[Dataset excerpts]

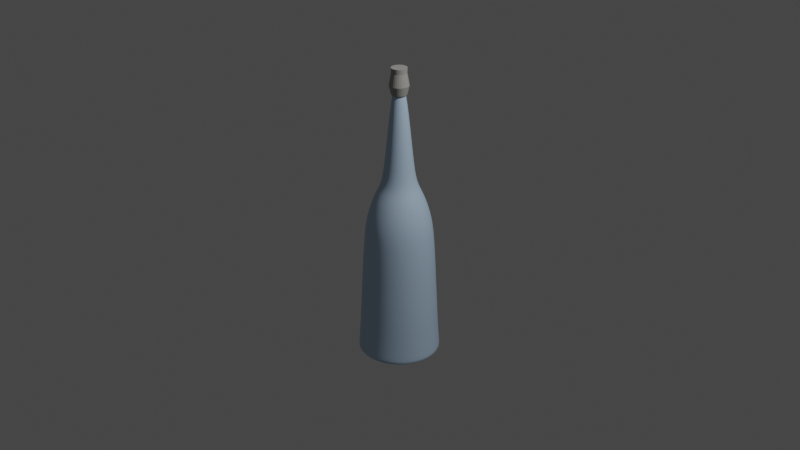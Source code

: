 # Source: Bottle.blend  (saved by Blender 2.93.21; exported with 4.5.12 LTS)
import bpy
from mathutils import Matrix  # noqa: F401  (used for matrix-valued properties, if any)

bpy.ops.wm.read_factory_settings(use_empty=True)
scene = bpy.context.scene
scene.name = 'Scene'

# ---- collections
col_collection = bpy.data.collections.new('Collection'); scene.collection.children.link(col_collection)

# ---- materials (node trees are filled in below, after node groups)
mat_material_001 = bpy.data.materials.new('Material.001')
mat_material_001.use_transparent_shadow = False
mat_material_002 = bpy.data.materials.new('Material.002')
mat_material_002.use_transparent_shadow = False

# ---- material node trees
mat_material_001.use_nodes = True; mat_material_001.node_tree.nodes.clear()
_N = mat_material_001.node_tree.nodes; _L = mat_material_001.node_tree.links
n0 = _N.new('ShaderNodeBsdfPrincipled'); n0.name = 'Principled BSDF'; n0.location = (10, 300)
n0.distribution = 'GGX'
n0.subsurface_method = 'BURLEY'
n0.inputs[0].default_value = (0.4645, 0.6205, 0.8, 1.0)
n0.inputs[3].default_value = 1.45
n0.inputs[27].default_value = (0.0, 0.0, 0.0, 1.0)
n0.inputs[28].default_value = 1.0
n1 = _N.new('ShaderNodeOutputMaterial'); n1.name = 'Material Output'; n1.location = (300, 300)
_L.new(n0.outputs[0], n1.inputs[0])
n1.is_active_output = True
mat_material_002.use_nodes = True; mat_material_002.node_tree.nodes.clear()
_N = mat_material_002.node_tree.nodes; _L = mat_material_002.node_tree.links
n0 = _N.new('ShaderNodeBsdfPrincipled'); n0.name = 'Principled BSDF'; n0.location = (10, 300)
n0.distribution = 'GGX'
n0.subsurface_method = 'BURLEY'
n0.inputs[0].default_value = (0.3757, 0.368, 0.3452, 1.0)
n0.inputs[3].default_value = 1.45
n0.inputs[27].default_value = (0.0, 0.0, 0.0, 1.0)
n0.inputs[28].default_value = 1.0
n1 = _N.new('ShaderNodeOutputMaterial'); n1.name = 'Material Output'; n1.location = (300, 300)
_L.new(n0.outputs[0], n1.inputs[0])
n1.is_active_output = True

# ---- world
world_world = bpy.data.worlds.new('World'); scene.world = world_world
world_world.use_nodes = True; world_world.node_tree.nodes.clear()
_N = world_world.node_tree.nodes; _L = world_world.node_tree.links
n0 = _N.new('ShaderNodeOutputWorld'); n0.name = 'World Output'; n0.location = (300, 300)
n1 = _N.new('ShaderNodeBackground'); n1.name = 'Background'; n1.location = (10, 300)
n1.inputs[0].default_value = (0.05088, 0.05088, 0.05088, 1.0)
_L.new(n1.outputs[0], n0.inputs[0])
n0.is_active_output = True
world_world.color = (0.05088, 0.05088, 0.05088)
world_world.use_sun_shadow = False
world_world.sun_shadow_jitter_overblur = 0.0

# ---- cameras
cam_camera = bpy.data.cameras.new('Camera')
cam_camera.clip_end = 100.0
cam_camera.ortho_scale = 7.314

# ---- lights
light_light = bpy.data.lights.new('Light', 'POINT')
light_light.transmission_factor = 0.0
light_light.energy = 1000.0
light_light.shadow_soft_size = 0.1
light_light.shadow_maximum_resolution = 0.006
light_light.use_absolute_resolution = True

# ---- meshes
me_cylinder = bpy.data.meshes.new('Cylinder')
me_cylinder.from_pydata([(8.099e-10, 0.865, -0.9858), (3.153e-09, 0.1153, 1.0), (0.1688, 0.8484, -0.9858), (0.0225, 0.1131, 1.0), (0.331, 0.7992, -0.9858), (0.04414, 0.1066, 1.0), (0.4806, 0.7192, -0.9858), (0.06408, 0.0959, 1.0), (0.6117, 0.6117, -0.9858), (0.08156, 0.08156, 1.0), (0.7192, 0.4806, -0.9858), (0.0959, 0.06408, 1.0), (0.7992, 0.331, -0.9858), (0.1066, 0.04414, 1.0), (0.8484, 0.1688, -0.9858), (0.1131, 0.0225, 1.0), (0.865, -4.038e-08, -0.9858), (0.1153, -3.249e-08, 1.0), (0.8484, -0.1688, -0.9858), (0.1131, -0.0225, 1.0), (0.7992, -0.331, -0.9858), (0.1066, -0.04414, 1.0), (0.7192, -0.4806, -0.9858), (0.0959, -0.06408, 1.0), (0.6117, -0.6117, -0.9858), (0.08156, -0.08156, 1.0), (0.4806, -0.7192, -0.9858), (0.06408, -0.0959, 1.0), (0.331, -0.7992, -0.9858), (0.04414, -0.1066, 1.0), (0.1688, -0.8484, -0.9858), (0.0225, -0.1131, 1.0), (-7.481e-08, -0.865, -0.9858), (-6.931e-09, -0.1153, 1.0), (-0.1688, -0.8484, -0.9858), (-0.0225, -0.1131, 1.0), (-0.331, -0.7992, -0.9858), (-0.04414, -0.1066, 1.0), (-0.4806, -0.7192, -0.9858), (-0.06408, -0.0959, 1.0), (-0.6117, -0.6117, -0.9858), (-0.08156, -0.08156, 1.0), (-0.7192, -0.4806, -0.9858), (-0.0959, -0.06408, 1.0), (-0.7992, -0.331, -0.9858), (-0.1066, -0.04414, 1.0), (-0.8484, -0.1688, -0.9858), (-0.1131, -0.0225, 1.0), (-0.865, 7.743e-09, -0.9858), (-0.1153, -2.607e-08, 1.0), (-0.8484, 0.1688, -0.9858), (-0.1131, 0.0225, 1.0), (-0.7992, 0.331, -0.9858), (-0.1066, 0.04414, 1.0), (-0.7192, 0.4806, -0.9858), (-0.0959, 0.06408, 1.0), (-0.6117, 0.6117, -0.9858), (-0.08156, 0.08156, 1.0), (-0.4806, 0.7192, -0.9858), (-0.06408, 0.0959, 1.0), (-0.331, 0.7992, -0.9858), (-0.04414, 0.1066, 1.0), (-0.1688, 0.8484, -0.9858), (-0.0225, 0.1131, 1.0), (4.21e-10, 0.2664, 0.486), (0.05197, 0.2613, 0.486), (0.1019, 0.2461, 0.486), (0.148, 0.2215, 0.486), (0.1884, 0.1884, 0.486), (0.2215, 0.148, 0.486), (0.2461, 0.1019, 0.486), (0.2613, 0.05197, 0.486), (0.2664, -2.711e-08, 0.486), (0.2613, -0.05197, 0.486), (0.2461, -0.1019, 0.486), (0.2215, -0.148, 0.486), (0.1884, -0.1884, 0.486), (0.148, -0.2215, 0.486), (0.1019, -0.2461, 0.486), (0.05197, -0.2613, 0.486), (-2.287e-08, -0.2664, 0.486), (-0.05197, -0.2613, 0.486), (-0.1019, -0.2461, 0.486), (-0.148, -0.2215, 0.486), (-0.1884, -0.1884, 0.486), (-0.2215, -0.148, 0.486), (-0.2461, -0.1019, 0.486), (-0.2613, -0.05197, 0.486), (-0.2664, -1.229e-08, 0.486), (-0.2613, 0.05197, 0.486), (-0.2461, 0.1019, 0.486), (-0.2215, 0.148, 0.486), (-0.1884, 0.1884, 0.486), (-0.148, 0.2215, 0.486), (-0.1019, 0.2461, 0.486), (-0.05197, 0.2613, 0.486), (0.06515, 0.3275, 0.2964), (0.1278, 0.3085, 0.2964), (0.1855, 0.2777, 0.2964), (0.2361, 0.2361, 0.2964), (0.2777, 0.1855, 0.2964), (0.3085, 0.1278, 0.2964), (0.3275, 0.06515, 0.2964), (0.334, -2.826e-08, 0.2964), (0.3275, -0.06515, 0.2964), (0.3085, -0.1278, 0.2964), (0.2777, -0.1855, 0.2964), (0.2361, -0.2361, 0.2964), (0.1855, -0.2777, 0.2964), (0.1278, -0.3085, 0.2964), (0.06515, -0.3275, 0.2964), (-2.847e-08, -0.334, 0.2964), (-0.06515, -0.3275, 0.2964), (-0.1278, -0.3085, 0.2964), (-0.1855, -0.2777, 0.2964), (-0.2361, -0.2361, 0.2964), (-0.2777, -0.1855, 0.2964), (-0.3085, -0.1278, 0.2964), (-0.3275, -0.06515, 0.2964), (-0.334, -9.684e-09, 0.2964), (-0.3275, 0.06515, 0.2964), (-0.3085, 0.1278, 0.2964), (-0.2777, 0.1855, 0.2964), (-0.2361, 0.2361, 0.2964), (-0.1855, 0.2777, 0.2964), (-0.1278, 0.3085, 0.2964), (-0.06515, 0.3275, 0.2964), (7.294e-10, 0.334, 0.2964), (0.0819, 0.4117, 0.2252), (0.1606, 0.3878, 0.2252), (0.2332, 0.349, 0.2252), (0.2968, 0.2968, 0.2252), (0.349, 0.2332, 0.2252), (0.3878, 0.1606, 0.2252), (0.4117, 0.0819, 0.2252), (0.4198, -3.12e-08, 0.2252), (0.4117, -0.0819, 0.2252), (0.3878, -0.1606, 0.2252), (0.349, -0.2332, 0.2252), (0.2968, -0.2968, 0.2252), (0.2332, -0.349, 0.2252), (0.1606, -0.3878, 0.2252), (0.0819, -0.4117, 0.2252), (-3.643e-08, -0.4198, 0.2252), (-0.0819, -0.4117, 0.2252), (-0.1606, -0.3878, 0.2252), (-0.2332, -0.349, 0.2252), (-0.2968, -0.2968, 0.2252), (-0.349, -0.2332, 0.2252), (-0.3878, -0.1606, 0.2252), (-0.4117, -0.0819, 0.2252), (-0.4198, -7.846e-09, 0.2252), (-0.4117, 0.0819, 0.2252), (-0.3878, 0.1606, 0.2252), (-0.349, 0.2332, 0.2252), (-0.2968, 0.2968, 0.2252), (-0.2332, 0.349, 0.2252), (-0.1606, 0.3878, 0.2252), (-0.0819, 0.4117, 0.2252), (2.662e-10, 0.4198, 0.2252), (0.1057, 0.5316, 0.1429), (0.2074, 0.5007, 0.1429), (0.3011, 0.4506, 0.1429), (0.3832, 0.3832, 0.1429), (0.4506, 0.3011, 0.1429), (0.5007, 0.2074, 0.1429), (0.5316, 0.1057, 0.1429), (0.542, -3.684e-08, 0.1429), (0.5316, -0.1057, 0.1429), (0.5007, -0.2074, 0.1429), (0.4506, -0.3011, 0.1429), (0.3832, -0.3832, 0.1429), (0.3011, -0.4506, 0.1429), (0.2074, -0.5007, 0.1429), (0.1057, -0.5316, 0.1429), (-4.886e-08, -0.542, 0.1429), (-0.1057, -0.5316, 0.1429), (-0.2074, -0.5007, 0.1429), (-0.3011, -0.4506, 0.1429), (-0.3832, -0.3832, 0.1429), (-0.4506, -0.3011, 0.1429), (-0.5007, -0.2074, 0.1429), (-0.5316, -0.1057, 0.1429), (-0.542, -6.685e-09, 0.1429), (-0.5316, 0.1057, 0.1429), (-0.5007, 0.2074, 0.1429), (-0.4506, 0.3011, 0.1429), (-0.3832, 0.3832, 0.1429), (-0.3011, 0.4506, 0.1429), (-0.2074, 0.5007, 0.1429), (-0.1057, 0.5316, 0.1429), (-1.484e-09, 0.542, 0.1429), (0.1272, 0.6395, 0.02675), (0.2495, 0.6024, 0.02675), (0.3622, 0.5421, 0.02675), (0.461, 0.461, 0.02675), (0.5421, 0.3622, 0.02675), (0.6024, 0.2495, 0.02675), (0.6395, 0.1272, 0.02675), (0.652, -4.038e-08, 0.02675), (0.6395, -0.1272, 0.02675), (0.6024, -0.2495, 0.02675), (0.5421, -0.3622, 0.02675), (0.461, -0.461, 0.02675), (0.3622, -0.5421, 0.02675), (0.2495, -0.6024, 0.02675), (0.1272, -0.6395, 0.02675), (-5.804e-08, -0.652, 0.02675), (-0.1272, -0.6395, 0.02675), (-0.2495, -0.6024, 0.02675), (-0.3622, -0.5421, 0.02675), (-0.461, -0.461, 0.02675), (-0.5421, -0.3622, 0.02675), (-0.6024, -0.2495, 0.02675), (-0.6395, -0.1272, 0.02675), (-0.652, -4.103e-09, 0.02675), (-0.6395, 0.1272, 0.02675), (-0.6024, 0.2495, 0.02675), (-0.5421, 0.3622, 0.02675), (-0.461, 0.461, 0.02675), (-0.3622, 0.5421, 0.02675), (-0.2495, 0.6024, 0.02675), (-0.1272, 0.6395, 0.02675), (-1.045e-09, 0.652, 0.02675), (0.1383, 0.6953, -0.08756), (0.2713, 0.6549, -0.08756), (0.3938, 0.5894, -0.08756), (0.5013, 0.5013, -0.08756), (0.5894, 0.3938, -0.08756), (0.6549, 0.2713, -0.08756), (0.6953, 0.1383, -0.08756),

**WORK TO COMPLETE**
What you return should be exactly the lines above, starting at the one with "bpy.ops.wm.read_factory_settings(use_empty=True)" and ending at the one with "# ---- materials", and nothing else.

**ANSWER TO THE PROBLEM**
bpy.ops.wm.read_factory_settings(use_empty=True)
scene = bpy.context.scene
scene.name = 'Scene'

# ---- collections
col_collection = bpy.data.collections.new('Collection'); scene.collection.children.link(col_collection)

# ---- materials (node trees are filled in below, after node groups)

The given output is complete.